**Action item**
If a line in the following entries holds the string "removed", include it in the tally. State the total and nothing further.

══ Source records

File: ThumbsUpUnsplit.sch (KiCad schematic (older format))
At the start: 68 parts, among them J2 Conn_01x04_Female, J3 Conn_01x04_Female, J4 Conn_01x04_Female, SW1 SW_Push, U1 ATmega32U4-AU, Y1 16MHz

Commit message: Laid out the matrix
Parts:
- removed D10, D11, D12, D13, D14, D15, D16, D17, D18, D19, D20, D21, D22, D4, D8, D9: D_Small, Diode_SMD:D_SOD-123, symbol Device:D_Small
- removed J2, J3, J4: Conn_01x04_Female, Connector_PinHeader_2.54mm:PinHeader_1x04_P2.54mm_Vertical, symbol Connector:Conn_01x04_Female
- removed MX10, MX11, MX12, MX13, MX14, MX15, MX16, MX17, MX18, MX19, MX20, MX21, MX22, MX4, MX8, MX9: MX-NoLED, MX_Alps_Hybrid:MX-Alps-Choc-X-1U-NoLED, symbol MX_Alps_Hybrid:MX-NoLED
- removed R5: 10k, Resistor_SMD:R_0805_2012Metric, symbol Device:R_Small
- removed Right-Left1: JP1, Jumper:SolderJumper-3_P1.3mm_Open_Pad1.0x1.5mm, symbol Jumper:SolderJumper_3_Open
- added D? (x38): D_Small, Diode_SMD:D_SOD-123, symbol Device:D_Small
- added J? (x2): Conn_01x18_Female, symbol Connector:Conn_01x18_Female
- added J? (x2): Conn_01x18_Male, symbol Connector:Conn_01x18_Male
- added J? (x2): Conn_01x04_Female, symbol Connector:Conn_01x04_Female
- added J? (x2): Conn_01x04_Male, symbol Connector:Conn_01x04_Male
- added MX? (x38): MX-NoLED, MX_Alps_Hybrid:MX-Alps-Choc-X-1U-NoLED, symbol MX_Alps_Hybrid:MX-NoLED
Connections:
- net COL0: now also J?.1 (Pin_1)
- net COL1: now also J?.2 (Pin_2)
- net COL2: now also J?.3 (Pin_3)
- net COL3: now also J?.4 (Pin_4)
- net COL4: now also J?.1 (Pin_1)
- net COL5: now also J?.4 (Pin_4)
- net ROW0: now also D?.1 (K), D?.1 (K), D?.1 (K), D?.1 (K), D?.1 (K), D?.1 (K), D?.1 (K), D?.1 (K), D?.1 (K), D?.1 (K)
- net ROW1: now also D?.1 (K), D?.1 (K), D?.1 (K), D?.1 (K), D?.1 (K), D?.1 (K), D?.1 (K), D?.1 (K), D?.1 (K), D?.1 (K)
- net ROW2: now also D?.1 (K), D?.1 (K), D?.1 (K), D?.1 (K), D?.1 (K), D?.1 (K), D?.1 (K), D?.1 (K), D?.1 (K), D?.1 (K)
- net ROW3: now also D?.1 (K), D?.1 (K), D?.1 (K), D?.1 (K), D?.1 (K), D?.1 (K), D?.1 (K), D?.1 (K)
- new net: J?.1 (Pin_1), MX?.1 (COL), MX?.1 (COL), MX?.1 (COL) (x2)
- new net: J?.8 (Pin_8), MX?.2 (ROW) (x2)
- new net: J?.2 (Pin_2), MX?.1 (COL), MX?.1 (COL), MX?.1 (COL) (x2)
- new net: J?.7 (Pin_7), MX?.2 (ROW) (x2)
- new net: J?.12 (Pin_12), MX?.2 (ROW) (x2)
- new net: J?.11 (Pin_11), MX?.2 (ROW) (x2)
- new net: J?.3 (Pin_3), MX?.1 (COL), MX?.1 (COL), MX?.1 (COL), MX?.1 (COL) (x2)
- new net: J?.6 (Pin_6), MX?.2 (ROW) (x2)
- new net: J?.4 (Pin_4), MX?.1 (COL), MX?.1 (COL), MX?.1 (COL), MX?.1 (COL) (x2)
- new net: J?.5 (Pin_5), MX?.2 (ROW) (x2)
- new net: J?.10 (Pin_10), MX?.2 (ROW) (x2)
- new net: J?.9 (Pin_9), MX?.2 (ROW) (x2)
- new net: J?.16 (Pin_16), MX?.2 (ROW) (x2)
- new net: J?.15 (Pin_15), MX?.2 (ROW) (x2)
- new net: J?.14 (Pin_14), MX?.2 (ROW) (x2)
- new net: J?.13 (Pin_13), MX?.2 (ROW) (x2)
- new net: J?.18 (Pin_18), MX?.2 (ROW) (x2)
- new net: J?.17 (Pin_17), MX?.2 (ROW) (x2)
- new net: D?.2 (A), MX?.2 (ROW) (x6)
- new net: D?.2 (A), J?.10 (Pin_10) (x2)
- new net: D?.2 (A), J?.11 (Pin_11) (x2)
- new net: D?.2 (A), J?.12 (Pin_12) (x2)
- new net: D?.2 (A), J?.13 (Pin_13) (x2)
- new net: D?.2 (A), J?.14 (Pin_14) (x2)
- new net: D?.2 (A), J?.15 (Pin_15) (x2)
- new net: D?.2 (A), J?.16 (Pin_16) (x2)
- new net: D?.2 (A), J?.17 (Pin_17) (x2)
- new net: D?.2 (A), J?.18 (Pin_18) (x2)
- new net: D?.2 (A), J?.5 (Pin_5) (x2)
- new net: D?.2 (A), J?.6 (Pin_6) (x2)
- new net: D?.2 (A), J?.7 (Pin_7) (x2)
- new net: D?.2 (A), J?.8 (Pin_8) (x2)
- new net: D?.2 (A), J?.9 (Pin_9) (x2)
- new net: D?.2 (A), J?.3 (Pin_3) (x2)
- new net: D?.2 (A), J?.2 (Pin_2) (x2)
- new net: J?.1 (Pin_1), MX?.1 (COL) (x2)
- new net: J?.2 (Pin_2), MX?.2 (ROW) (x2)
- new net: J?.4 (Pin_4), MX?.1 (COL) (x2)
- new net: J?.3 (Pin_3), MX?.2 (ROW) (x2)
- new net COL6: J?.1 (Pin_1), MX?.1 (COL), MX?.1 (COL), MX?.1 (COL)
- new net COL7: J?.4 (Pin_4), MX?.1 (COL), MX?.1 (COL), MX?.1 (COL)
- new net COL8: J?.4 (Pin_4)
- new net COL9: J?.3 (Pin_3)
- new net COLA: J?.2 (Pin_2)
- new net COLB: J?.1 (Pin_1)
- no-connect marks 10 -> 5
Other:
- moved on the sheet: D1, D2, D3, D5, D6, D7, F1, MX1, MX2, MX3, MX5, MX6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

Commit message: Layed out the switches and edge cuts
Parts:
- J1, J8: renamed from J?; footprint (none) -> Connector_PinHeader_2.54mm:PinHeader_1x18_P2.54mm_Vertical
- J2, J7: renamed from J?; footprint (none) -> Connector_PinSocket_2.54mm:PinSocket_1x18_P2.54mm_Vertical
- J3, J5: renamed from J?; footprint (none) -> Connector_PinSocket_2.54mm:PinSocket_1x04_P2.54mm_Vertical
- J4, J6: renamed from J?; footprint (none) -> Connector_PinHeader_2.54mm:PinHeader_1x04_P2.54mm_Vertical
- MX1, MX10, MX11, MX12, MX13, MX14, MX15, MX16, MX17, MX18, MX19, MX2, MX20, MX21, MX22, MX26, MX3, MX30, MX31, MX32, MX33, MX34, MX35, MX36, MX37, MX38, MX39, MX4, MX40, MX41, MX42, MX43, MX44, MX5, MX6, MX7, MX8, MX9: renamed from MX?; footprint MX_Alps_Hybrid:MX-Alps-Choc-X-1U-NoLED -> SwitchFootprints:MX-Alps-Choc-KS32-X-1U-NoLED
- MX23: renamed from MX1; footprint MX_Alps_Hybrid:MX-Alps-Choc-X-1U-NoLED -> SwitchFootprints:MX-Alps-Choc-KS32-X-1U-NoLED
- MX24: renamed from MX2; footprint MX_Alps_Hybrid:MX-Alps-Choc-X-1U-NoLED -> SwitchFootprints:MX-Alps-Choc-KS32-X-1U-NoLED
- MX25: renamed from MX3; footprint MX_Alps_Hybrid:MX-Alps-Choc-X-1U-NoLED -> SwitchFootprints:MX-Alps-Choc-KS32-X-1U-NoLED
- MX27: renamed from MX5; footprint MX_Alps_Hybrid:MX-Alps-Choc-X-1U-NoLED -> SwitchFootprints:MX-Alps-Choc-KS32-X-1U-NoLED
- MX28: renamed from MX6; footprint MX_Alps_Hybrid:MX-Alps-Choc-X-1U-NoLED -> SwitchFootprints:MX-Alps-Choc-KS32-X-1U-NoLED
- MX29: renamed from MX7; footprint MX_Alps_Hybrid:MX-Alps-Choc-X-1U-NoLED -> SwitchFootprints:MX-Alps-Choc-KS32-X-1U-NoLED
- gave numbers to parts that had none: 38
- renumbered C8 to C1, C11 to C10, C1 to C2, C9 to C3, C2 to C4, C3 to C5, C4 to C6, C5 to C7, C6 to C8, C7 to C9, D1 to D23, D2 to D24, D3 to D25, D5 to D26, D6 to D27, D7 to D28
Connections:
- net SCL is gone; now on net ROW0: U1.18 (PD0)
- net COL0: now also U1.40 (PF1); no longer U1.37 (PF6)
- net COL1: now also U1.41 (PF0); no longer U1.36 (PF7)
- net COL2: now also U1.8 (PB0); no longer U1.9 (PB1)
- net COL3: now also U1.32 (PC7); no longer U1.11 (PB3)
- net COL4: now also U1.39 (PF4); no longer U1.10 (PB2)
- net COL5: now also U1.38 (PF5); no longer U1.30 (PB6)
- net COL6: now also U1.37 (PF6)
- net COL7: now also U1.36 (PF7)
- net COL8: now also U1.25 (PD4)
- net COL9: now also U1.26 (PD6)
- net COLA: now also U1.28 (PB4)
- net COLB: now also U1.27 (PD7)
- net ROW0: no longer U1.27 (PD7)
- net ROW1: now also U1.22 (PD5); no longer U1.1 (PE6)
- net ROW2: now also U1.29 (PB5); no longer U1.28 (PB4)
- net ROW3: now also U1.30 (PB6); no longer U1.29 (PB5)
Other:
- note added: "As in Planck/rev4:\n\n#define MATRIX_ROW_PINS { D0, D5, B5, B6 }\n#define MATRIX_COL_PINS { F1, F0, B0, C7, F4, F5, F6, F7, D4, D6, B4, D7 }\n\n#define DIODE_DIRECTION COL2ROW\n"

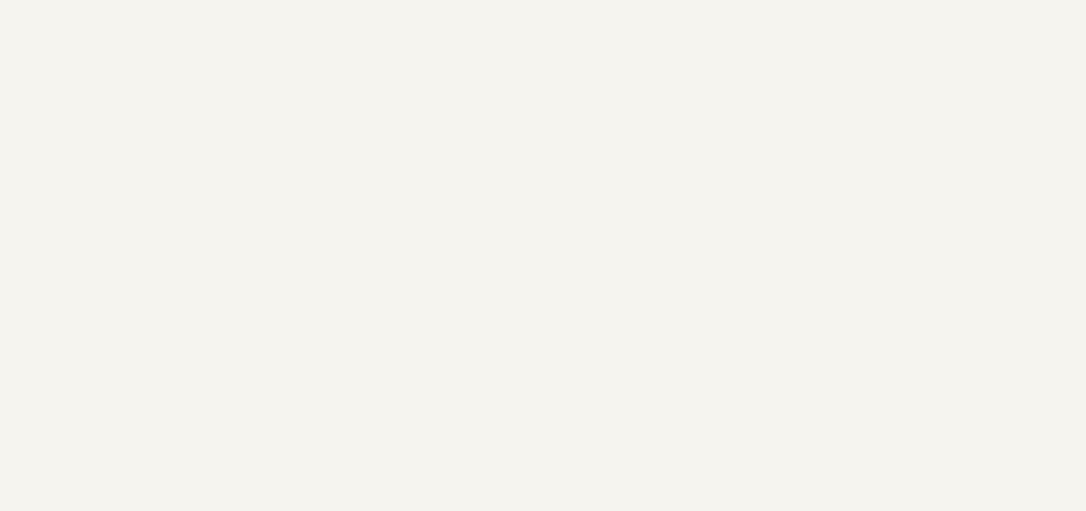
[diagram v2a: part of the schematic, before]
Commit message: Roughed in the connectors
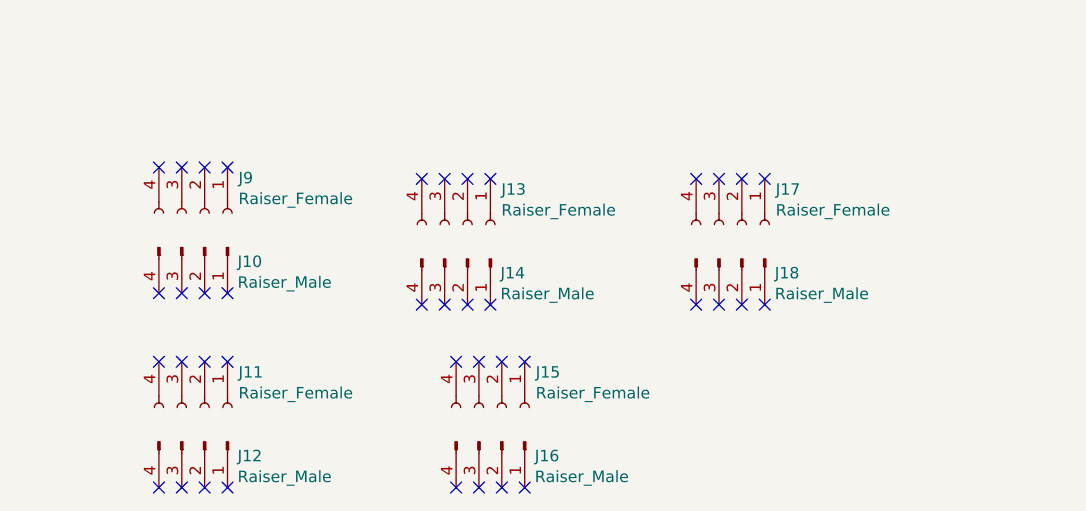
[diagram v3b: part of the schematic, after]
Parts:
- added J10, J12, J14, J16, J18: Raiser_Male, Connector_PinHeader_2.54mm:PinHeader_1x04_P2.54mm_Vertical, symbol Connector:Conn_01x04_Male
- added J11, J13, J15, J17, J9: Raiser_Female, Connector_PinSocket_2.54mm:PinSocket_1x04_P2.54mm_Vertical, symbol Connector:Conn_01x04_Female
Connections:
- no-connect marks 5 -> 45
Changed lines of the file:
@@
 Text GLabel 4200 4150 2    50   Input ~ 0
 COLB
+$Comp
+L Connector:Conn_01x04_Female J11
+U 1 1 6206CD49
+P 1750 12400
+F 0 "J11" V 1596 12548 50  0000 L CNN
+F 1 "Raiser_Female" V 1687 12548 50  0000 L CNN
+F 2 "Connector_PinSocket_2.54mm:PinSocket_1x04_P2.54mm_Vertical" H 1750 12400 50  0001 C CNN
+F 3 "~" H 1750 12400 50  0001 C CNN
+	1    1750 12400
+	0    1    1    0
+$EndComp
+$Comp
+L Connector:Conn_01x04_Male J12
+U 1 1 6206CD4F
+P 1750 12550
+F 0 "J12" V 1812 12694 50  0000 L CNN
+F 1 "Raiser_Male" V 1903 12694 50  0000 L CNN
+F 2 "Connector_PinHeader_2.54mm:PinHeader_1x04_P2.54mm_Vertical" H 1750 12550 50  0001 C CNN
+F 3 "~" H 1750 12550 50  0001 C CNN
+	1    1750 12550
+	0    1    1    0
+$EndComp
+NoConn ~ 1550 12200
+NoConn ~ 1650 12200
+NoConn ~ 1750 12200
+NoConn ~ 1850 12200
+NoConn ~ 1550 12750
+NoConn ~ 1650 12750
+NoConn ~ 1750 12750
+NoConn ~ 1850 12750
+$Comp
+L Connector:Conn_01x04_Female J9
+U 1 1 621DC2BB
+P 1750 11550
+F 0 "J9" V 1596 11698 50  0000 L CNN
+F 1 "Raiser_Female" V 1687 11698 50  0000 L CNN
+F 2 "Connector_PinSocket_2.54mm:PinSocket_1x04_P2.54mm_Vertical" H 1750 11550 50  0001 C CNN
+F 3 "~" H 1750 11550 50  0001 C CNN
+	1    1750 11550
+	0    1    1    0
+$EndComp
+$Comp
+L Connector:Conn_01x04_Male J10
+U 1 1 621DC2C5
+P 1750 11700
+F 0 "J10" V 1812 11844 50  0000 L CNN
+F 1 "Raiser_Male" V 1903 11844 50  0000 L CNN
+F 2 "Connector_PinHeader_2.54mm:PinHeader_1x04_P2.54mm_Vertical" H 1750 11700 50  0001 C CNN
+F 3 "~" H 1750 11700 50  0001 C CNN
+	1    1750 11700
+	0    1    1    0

════

**Answer area**
5